Koszmarne? No bez przesady, jeśli tak wygląda koszmarne życie, to ja bym się chętnie na taki koszmar zgodziła, zwłaszcza u boku Elvisa. :) Nie wykluczam, że Elvis raz, czy dwa tak zbył Priscillę, lecz z całą pewnością nie była to zasada. Elvisa stale nosiło, potrafił lecieć samolotem po kanapkę na drugi koniec Stanów, czy "skoczyć" na kilka dni tu czy tam, tak bez żadnych planów, spontanicznie, więc nie sądzę, żeby to była prawda. No chyba, że Priscilla chciała go wyciągać codziennie na szaleńcze zakupy, czego na dłuższą metę nie zdzierży nawet najbardziej spokojny facet sam lubiący robić zakupy.

str. 2 (u góry)
"Rozrywką Presleya i jego dworu było wybrać się nocą do lunaparku i korzystać z infantylnych uciech wesołego miasteczka w towarzystwie „chłopców z Memphis”. Nieprawdopodobne bogactwo i straszliwy banał: pieniądze nie dają szczęścia."
Nigdy bym nie wpadła na to, by uznać lunaparki za infantylną rozrywkę. To pewnie autor ściągnął z Goldmana, który z tej nienawiści do Elvisa, użyłby przymiotnika "infantylny" do każdej czynności jaką Elvis robił, niezależnie co by to nie było - lot na księżyc, wykopaliska archeologiczne, badanie neutrino w laboratorium fizycznym, czy cokolwiek innego.

Banał! Jasne!

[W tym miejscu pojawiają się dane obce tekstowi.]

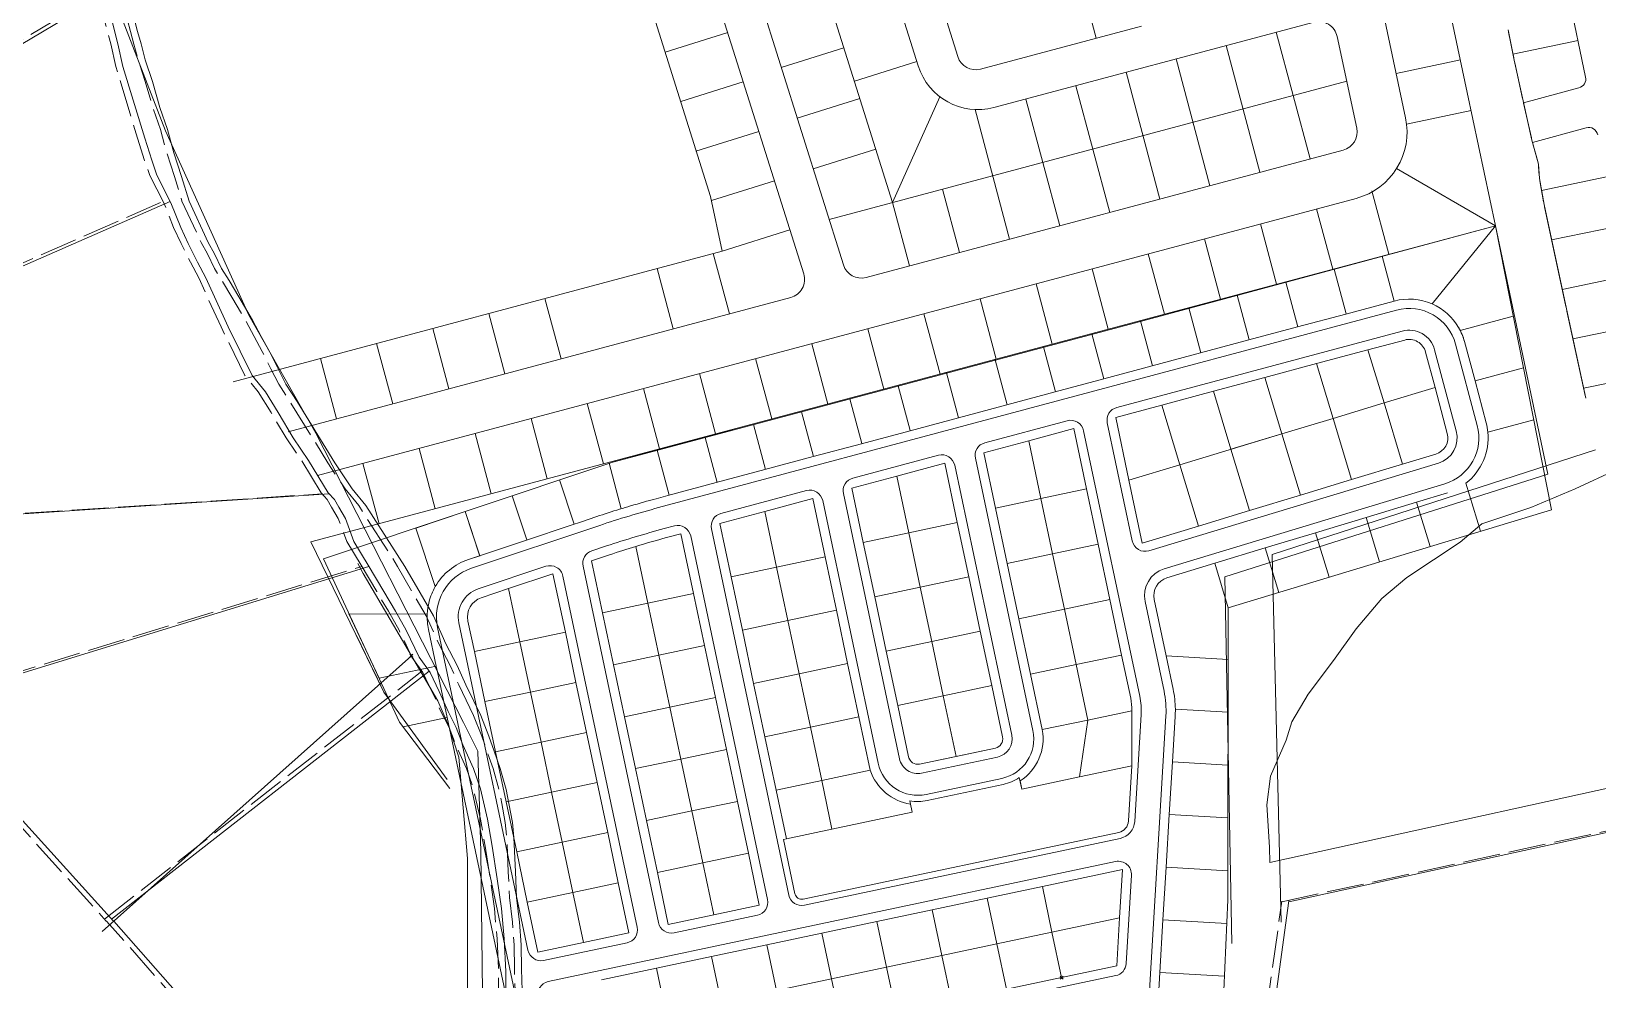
# Model space of a CAD drawing. Header units: millimetres. Extents: x 611548 to 616630, y 1316670 to 1320037.
# Drawn here: x 613822 to 614327, y 1318202 to 1318508 of the extents above; entities that cross this region are included whole.
import ezdxf

# ---------------------------------------------------------------- set-up
doc = ezdxf.new("R2010")
doc.units = ezdxf.units.MM
doc.header["$PDMODE"] = 35
doc.header["$PDSIZE"] = 0.5
doc.linetypes.add('ACAD_ISO02W100', pattern=[15, 12, -3])
for name, color, linetype in [('2', 7, 'Continuous'), ('FONDO_MANAGUA', 8, 'ACAD_ISO02W100'), ('Level 22', 7, 'Continuous')]:
    doc.layers.add(name, color=color, linetype=linetype)
doc.layers.add('Level 20', color=7, linetype='Continuous', lineweight=0)

msp = doc.modelspace()

# ---------------------------------------------------------------- linework, layer by layer
at = {"color": 1, "lineweight": 0}
for p, q in [((614323.15196, 1318492.83222), (614294.80024, 1318628.87736)), ((614284.98056, 1318487.79174), (614257.66642, 1318615.90637)), ((614265.07521, 1318479.72572), (614238.7047, 1318603.41433)), ((614147.48683, 1318572.15947), (614165.31356, 1318505.3288)), ((614011.1997, 1318548.76931), (614040.94905, 1318454.35277)), ((614104.9338, 1318549.42469), (614120.6958, 1318499.40029)), ((614107.92404, 1318496.38557), (614093.20173, 1318543.11027)), ((614071.87226, 1318540.45609), (614099.62351, 1318452.381)), ((614054.21257, 1318526.15504), (614083.79987, 1318432.25281)), ((614041.99135, 1318521.39305), (614070.98017, 1318429.39022)), ((614026.2991, 1318500.84783), (614046.463, 1318507.2012)), ((614128.01371, 1318495.37927), (614179.90421, 1318509.22078)), ((614235.55181, 1318510.5195), (614132.31706, 1318482.98219)), ((614234.26366, 1318466.41519), (614223.36612, 1318507.26903)), ((614249.32172, 1318476.36706), (614243.01616, 1318505.94274)), ((614300.1177, 1318498.22119), (614298.13073, 1318508.08286)), ((614299.95967, 1318499.00552), (614298.28876, 1318507.29854)), ((614063.74668, 1318495.89629), (614083.91058, 1318502.24966)), ((614218.11667, 1318462.10807), (614207.21912, 1318502.96191)), ((614299.71863, 1318500.20184), (614320.7047, 1318504.57532)), ((614087.30187, 1318491.48662), (614107.46577, 1318497.83999)), ((614201.96967, 1318457.80094), (614191.07213, 1318498.65479)), ((614262.03866, 1318493.96837), (614282.7451, 1318498.35174)), ((614302.96434, 1318485.14012), (614300.1177, 1318498.22119)), ((614302.79421, 1318485.92191), (614300.28783, 1318497.4394)), ((614031.32129, 1318484.90874), (614051.48519, 1318491.26211)), ((614079.17629, 1318446.92682), (614246.10513, 1318491.45419)), ((614185.82268, 1318453.49382), (614174.92513, 1318494.34766)), ((614068.88988, 1318479.57314), (614089.05379, 1318485.9265)), ((614099.63893, 1318452.38512), (614114.89355, 1318486.44517)), ((614153.52869, 1318444.87957), (614142.63114, 1318485.73341)), ((614169.67568, 1318449.18669), (614158.77814, 1318490.04054)), ((614294.06907, 1318444.85879), (614284.98056, 1318487.79174)), ((614303.11792, 1318484.45677), (614321.00277, 1318489.32512)), ((614137.38169, 1318440.57245), (614126.24541, 1318482.32131)), ((614265.42106, 1318477.60248), (614286.20609, 1318482.00248)), ((614305.81674, 1318472.44826), (614302.96434, 1318485.14012)), ((614305.64131, 1318473.22888), (614303.13978, 1318484.3595)), ((614306.00258, 1318471.76752), (614323.3105, 1318476.47882)), ((614036.21724, 1318468.92989), (614056.50737, 1318475.32303)), ((614307.90919, 1318464.78335), (614305.81674, 1318472.44826)), ((614307.69848, 1318465.5552), (614306.02745, 1318471.67642)), ((614074.03309, 1318463.24998), (614094.19699, 1318469.60334)), ((614091.11777, 1318428.23179), (614244.97095, 1318469.2713)), ((614294.06907, 1318444.85879), (614262.19913, 1318463.37499)), ((614308.23322, 1318460.1435), (614307.90919, 1318464.78335)), ((614308.17748, 1318460.94165), (614307.96493, 1318463.98521)), ((614308.92431, 1318456.27512), (614329.86114, 1318460.63835)), ((614041.23942, 1318452.9908), (614061.52956, 1318459.38394)), ((614121.2347, 1318436.26532), (614115.78593, 1318456.69224)), ((614259.66944, 1318435.68287), (614254.22523, 1318456.09268)), ((614309.72587, 1318451.78831), (614308.23322, 1318460.1435)), ((614309.58517, 1318452.57593), (614308.37393, 1318459.35589)), ((613914.13597, 1318364.3521), (614249.1224, 1318453.70794)), ((614044.71427, 1318436.69234), (614040.94905, 1318454.35277)), ((614105.0877, 1318431.9582), (614099.63893, 1318452.38512)), ((614241.57702, 1318430.85682), (614236.38771, 1318450.31103)), ((614316.93777, 1318418.11886), (614309.72587, 1318451.78831)), ((614316.7702, 1318418.9012), (614309.89345, 1318451.00597)), ((614223.4846, 1318426.03076), (614218.2953, 1318445.48497)), ((614044.71427, 1318436.69234), (614066.51501, 1318443.56145)), ((614205.39219, 1318421.20471), (614200.20288, 1318440.65892)), ((614272.03126, 1318438.98032), (614294.06907, 1318444.85879)), ((614311.01115, 1318364.82658), (614294.06907, 1318444.85879)), ((614312.18602, 1318440.30287), (614333.18696, 1318444.67946)), ((613886.93735, 1318394.60619), (614044.71427, 1318436.69234)), ((613912.06525, 1318342.96132), (614272.03126, 1318438.98032)), ((614046.99287, 1318416.46171), (614041.80357, 1318435.91592)), ((614187.29977, 1318416.37865), (614182.11047, 1318435.83286)), ((614028.90046, 1318411.63566), (614023.71115, 1318431.08987)), ((614169.20736, 1318411.5526), (614164.01805, 1318431.00681)), ((614151.11494, 1318406.72654), (614145.92563, 1318426.18075)), ((614315.60041, 1318424.36244), (614336.51279, 1318428.72057)), ((613904.68561, 1318378.50201), (614066.77584, 1318421.73871)), ((613992.71562, 1318401.98355), (613987.52632, 1318421.43776)), ((614133.02252, 1318401.90049), (614127.83322, 1318421.3547)), ((613974.62321, 1318397.15749), (613969.4339, 1318416.6117)), ((614114.93011, 1318397.07443), (614109.7408, 1318416.52864)), ((614323.17404, 1318389.36162), (614316.93777, 1318418.11886)), ((614323.00448, 1318390.14354), (614317.10734, 1318417.33694)), ((613956.53079, 1318392.33144), (613951.34149, 1318411.78565)), ((614096.83769, 1318392.24838), (614091.64839, 1318411.70259)), ((614319.03951, 1318408.42716), (614339.83861, 1318412.76168)), ((613938.43838, 1318387.50538), (613933.24907, 1318406.95959)), ((614078.74528, 1318387.42232), (614073.55597, 1318406.87653)), ((613920.34596, 1318382.67933), (613915.15665, 1318402.13354)), ((614060.65286, 1318382.59627), (614055.46355, 1318402.05048)), ((614042.56044, 1318377.77021), (614037.37114, 1318397.22442)), ((614322.4945, 1318392.49518), (614343.16443, 1318396.80278)), ((614024.46803, 1318372.94416), (614019.27872, 1318392.39837)), ((614006.37561, 1318368.1181), (614001.18631, 1318387.57231)), ((613988.2832, 1318363.29205), (613983.09389, 1318382.74626)), ((613970.19078, 1318358.46599), (613965.00147, 1318377.9202)), ((613952.09836, 1318353.63994), (613946.90906, 1318373.09415)), ((614222.0464, 1318338.87574), (614326.31141, 1318372.63896)), ((613934.00595, 1318348.81388), (613928.81664, 1318368.26809)), ((614206.7722, 1318331.73605), (614311.01115, 1318364.82658)), ((613912.06525, 1318342.96132), (613935.60059, 1318294.58957)), ((614224.99928, 1318220.40303), (614222.0464, 1318338.87574)), ((614209.03568, 1318213.49715), (614206.7722, 1318331.73605)), ((613935.60059, 1318294.58957), (613926.75127, 1318312.77741)), ((613932.45567, 1318301.05327), (613932.55013, 1318300.85913)), ((613932.55445, 1318300.85026), (613935.60059, 1318294.58957)), ((613935.60059, 1318294.58957), (613955.9412, 1318266.38119)), ((613935.60059, 1318294.58957), (613955.9412, 1318266.38119))]:
    msp.add_line(p, q, dxfattribs=at)
for centre, radius, start, end in [((614237.10861, 1318504.68324), 6.04033, 12.0353101, 104.9355878), ((614127.12776, 1318502.4364), 20.13443, 197.4889211, 284.9355878), ((614126.45692, 1318501.21553), 6.04033, 197.4889211, 284.9355878), ((614320.21474, 1318492.2201), 3.00032, 285.227267, 11.7719153), ((614243.41416, 1318475.10757), 6.04033, 284.9355878, 12.0353101), ((614243.41416, 1318475.10757), 22.14787, 284.9355878, 12.0353101), ((614324.09853, 1318473.58384), 3.00032, 11.7719153, 105.227267), ((614089.56098, 1318434.06806), 6.04033, 197.4889211, 284.9355878), ((614065.21905, 1318427.57498), 6.04033, 284.9355878, 17.4889211), ((613932.55318, 1318300.85513), 0.00503, 104.603911, 284.603911), ((613932.55318, 1318300.85513), 0.00503, 284.603911, 127.2867091)]:
    msp.add_arc(centre, radius, start, end, dxfattribs=at)
at = {"layer": '2', "color": 1, "lineweight": 0}
for p, q in [((613798.17913, 1318491.20476), (613846.13913, 1318519.70176)), ((613703.67513, 1318381.52676), (613866.66213, 1318452.71076)), ((613807.24313, 1318351.26676), (613917.91213, 1318358.47076)), ((613785.26213, 1318290.36376), (613930.76813, 1318335.04876)), ((613847.72913, 1318221.42176), (613950.15313, 1318301.33576)), ((614227.42813, 1318226.94676), (614442.17113, 1318273.84676)), ((614222.43013, 1318190.90176), (614227.46713, 1318227.23076))]:
    msp.add_line(p, q, dxfattribs=at)
for points in [[(613866.90413, 1318452.23676), (613862.35413, 1318461.14676), (613860.71513, 1318465.97976), (613858.44613, 1318473.10376), (613851.39113, 1318496.25276), (613849.75813, 1318503.50076), (613848.12213, 1318509.85976), (613847.24313, 1318514.05576), (613846.24013, 1318519.39576)], [(613966.81713, 1318286.98876), (613962.01613, 1318296.91476), (613959.23713, 1318303.14976), (613955.57213, 1318310.15076), (613951.53013, 1318319.18476), (613947.23113, 1318326.56876), (613942.29913, 1318335.09776), (613929.77613, 1318354.70576), (613925.34413, 1318360.05576), (613919.77813, 1318368.45976), (613907.63613, 1318388.19376), (613903.96713, 1318393.79676), (613901.43913, 1318398.75976), (613898.65913, 1318404.35976), (613896.00413, 1318409.19676), (613893.22313, 1318414.41576), (613888.79713, 1318421.92676), (613885.63613, 1318427.27276), (613883.23213, 1318431.09276), (613880.95813, 1318435.80176), (613878.93513, 1318439.49276), (613872.74613, 1318452.85476), (613870.35213, 1318460.74076), (613867.83113, 1318468.37276), (613865.81713, 1318475.87676), (613863.29513, 1318483.00076), (613860.90213, 1318491.39476), (613858.63313, 1318498.39076), (613857.24913, 1318503.47776), (613856.11613, 1318507.54776), (613854.98413, 1318512.12576)], [(613917.59613, 1318358.80876), (613911.27313, 1318369.24876), (613906.33813, 1318376.50676), (613901.53313, 1318384.65476), (613897.35913, 1318391.40176), (613893.05413, 1318396.62576), (613885.34613, 1318412.27876), (613878.14713, 1318428.05876), (613875.49213, 1318433.14976), (613872.45913, 1318439.13176), (613872.45913, 1318439.13176), (613870.05913, 1318444.34876), (613866.90413, 1318452.23676)], [(613930.49213, 1318335.51476), (613925.93913, 1318343.15376), (613923.16313, 1318350.53176), (613921.01413, 1318354.22376), (613919.62313, 1318356.64276), (613917.59613, 1318358.80876)], [(613950.47113, 1318300.88976), (613946.92813, 1318305.85576), (613942.75813, 1318314.50976), (613939.34413, 1318320.61976), (613935.55113, 1318326.98576), (613930.49213, 1318335.51476)], [(613981.63413, 1318161.11176), (613979.99913, 1318170.41976), (613978.11413, 1318178.43176), (613976.22813, 1318186.31576), (613975.60213, 1318190.25676), (613974.85813, 1318197.50276), (613974.87413, 1318204.49176), (613974.39113, 1318215.04076), (613973.52613, 1318224.82776), (613972.15213, 1318234.36276), (613970.52613, 1318244.91476), (613969.02313, 1318253.56076), (613966.76113, 1318263.35276), (613964.49113, 1318269.96776), (613961.08113, 1318277.60176), (613958.93613, 1318283.19976), (613956.28213, 1318288.29076), (613954.51413, 1318292.36276), (613953.37713, 1318294.78076), (613950.47113, 1318300.88976)], [(613785.64113, 1318290.08276), (613848.32613, 1318220.76176), (613848.45313, 1318220.76176), (613931.49513, 1318126.53376)], [(613990.98413, 1318144.71676), (613986.46613, 1318166.96876), (613984.46313, 1318178.66576), (613982.70613, 1318187.43976), (613981.06713, 1318192.40076), (613980.19213, 1318198.37576), (613979.95513, 1318205.23876), (613979.84613, 1318213.11776), (613979.35613, 1318220.36276), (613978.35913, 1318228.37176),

Elvis miał fantastyczny głos i doskonałe zdolności interpretacyjne utworów, ale to banał. Świetnie strzelał, tak z broni nowoczesnej jak i zabytkowej, ale to banał. Był wtedy jednym z kilku nieazjatyckich mistrzów karate na świecie, ale to banał. Grał na wielu instrumentach, ale to banał. Jeździł świetnie konno, ale to banał. Pochłaniał książki, jak gąbka wodę, ale to banał. Można z nim było rozmawiać na każdy temat, tak był oczytany, ale to banał. I tak jeszcze można wymieniać, ale po co, skoro jego talenty, wiedza i umiejętności, to jeden wielki banał, podobnie jak każda forma rozrywki i relaksu, która w przypadku innych ludzi jest normalna, ale jeśli to samo robi Elvis, to banalna i infantylna!

str. 2 (u góry)
"Wydawać by się mogło, że Presleya obudowano mitem i legendą nim jego przestrzeń zewnętrzna zdążyła wypełnić się czymkolwiek.
Co za frazes! Już sama nie wiem, czy autor nie rozumie słów, które używa, czy nie potrafi wyrazić adekwatnie swoich myśli. Nie mam pojęcie, co zwiera się w tej "przestrzeni zewnętrznej". Sądzę, że nic. Pewnie to znowu jakiś niezrozumiały środek wyrazu, zdanie, które według autora ładnie i górnolotnie brzmi.

str. 2 (pośrodku)
"Drugi cios to wówczas, gdy odtrąciła go ta, którą najbardziej po śmierci matki pokochał, najdroższa, najśliczniejsza, najukochańsza. Ta, którą niemal wychował i ukształtował dla siebie. Załamał się, lecz – o ironio, ta boleść i załamanie uczyniły go zwykłym normalnym człowiekiem. Uzwyczajniły i uczłowieczyły."
Kolejny górnolotny frazes, zbędny ozdobnik, nie mający pokrycia w rzeczywistości. Elvis zawsze był zwyczajnym, ludzkim, prostodusznym, skromnym człowiekiem! Nigdy nie było inaczej, czy był biedny, czy bogaty, młody, czy starszy! Znowu autor dorabia jakąś nie mającą uzasadnienia ideologię, a użycie w stosunku do Elvisa słów: "uzwyczajniły i uczłowieczyły", po prostu go obraża!

str. 2 (pośrodku)
"Postać Presleya przypomina w tym okresie, choć w sposób nieco wynaturzony, „obywatela Kane’a” z filmu Orsona Wellesa."
Jak można porównywać w ogóle te dwie, tak różne postacie? Wynaturzony? Elvis? To ostatni człowiek na świecie, którego można by określić tym słowem! Pan Jacek chyba faktycznie nie rozumie znaczenia słów, które używa.

str. 3 (pośrodku)
"Ale nikt z wyżej wymienionych nie pojawił się na muzycznej scenie we właściwym czasie i z właściwą muzyką."
"Stare schematy legły w gruzach, do głosu zaczęła dochodzić młodzież, która jak się rychło okazało, właściwie nie ma przy czym tańczyć."
Czas i miejsce nie ma tu nic do rzeczy, jest dokładnie odwrotnie. Najlepiej kłam temu stwierdzeniu zadaje ponad sześćdziesięcioletnia popularność Elvisa, którego nie ma z nami już 40 lat. Po prostu był tak wyjątkowy i ponadczasowy, że do niego nie ma zastosowania slogan "pojawił się w odpowiednim miejscu i czasie". Akurat to, powinien rozumieć każdy wielbiciel Elvisa Presleya. Zresztą nie wiemy czy gdyby urodził się w innym miejscu i czasie, nie odniósłby jeszcze większego sukcesu.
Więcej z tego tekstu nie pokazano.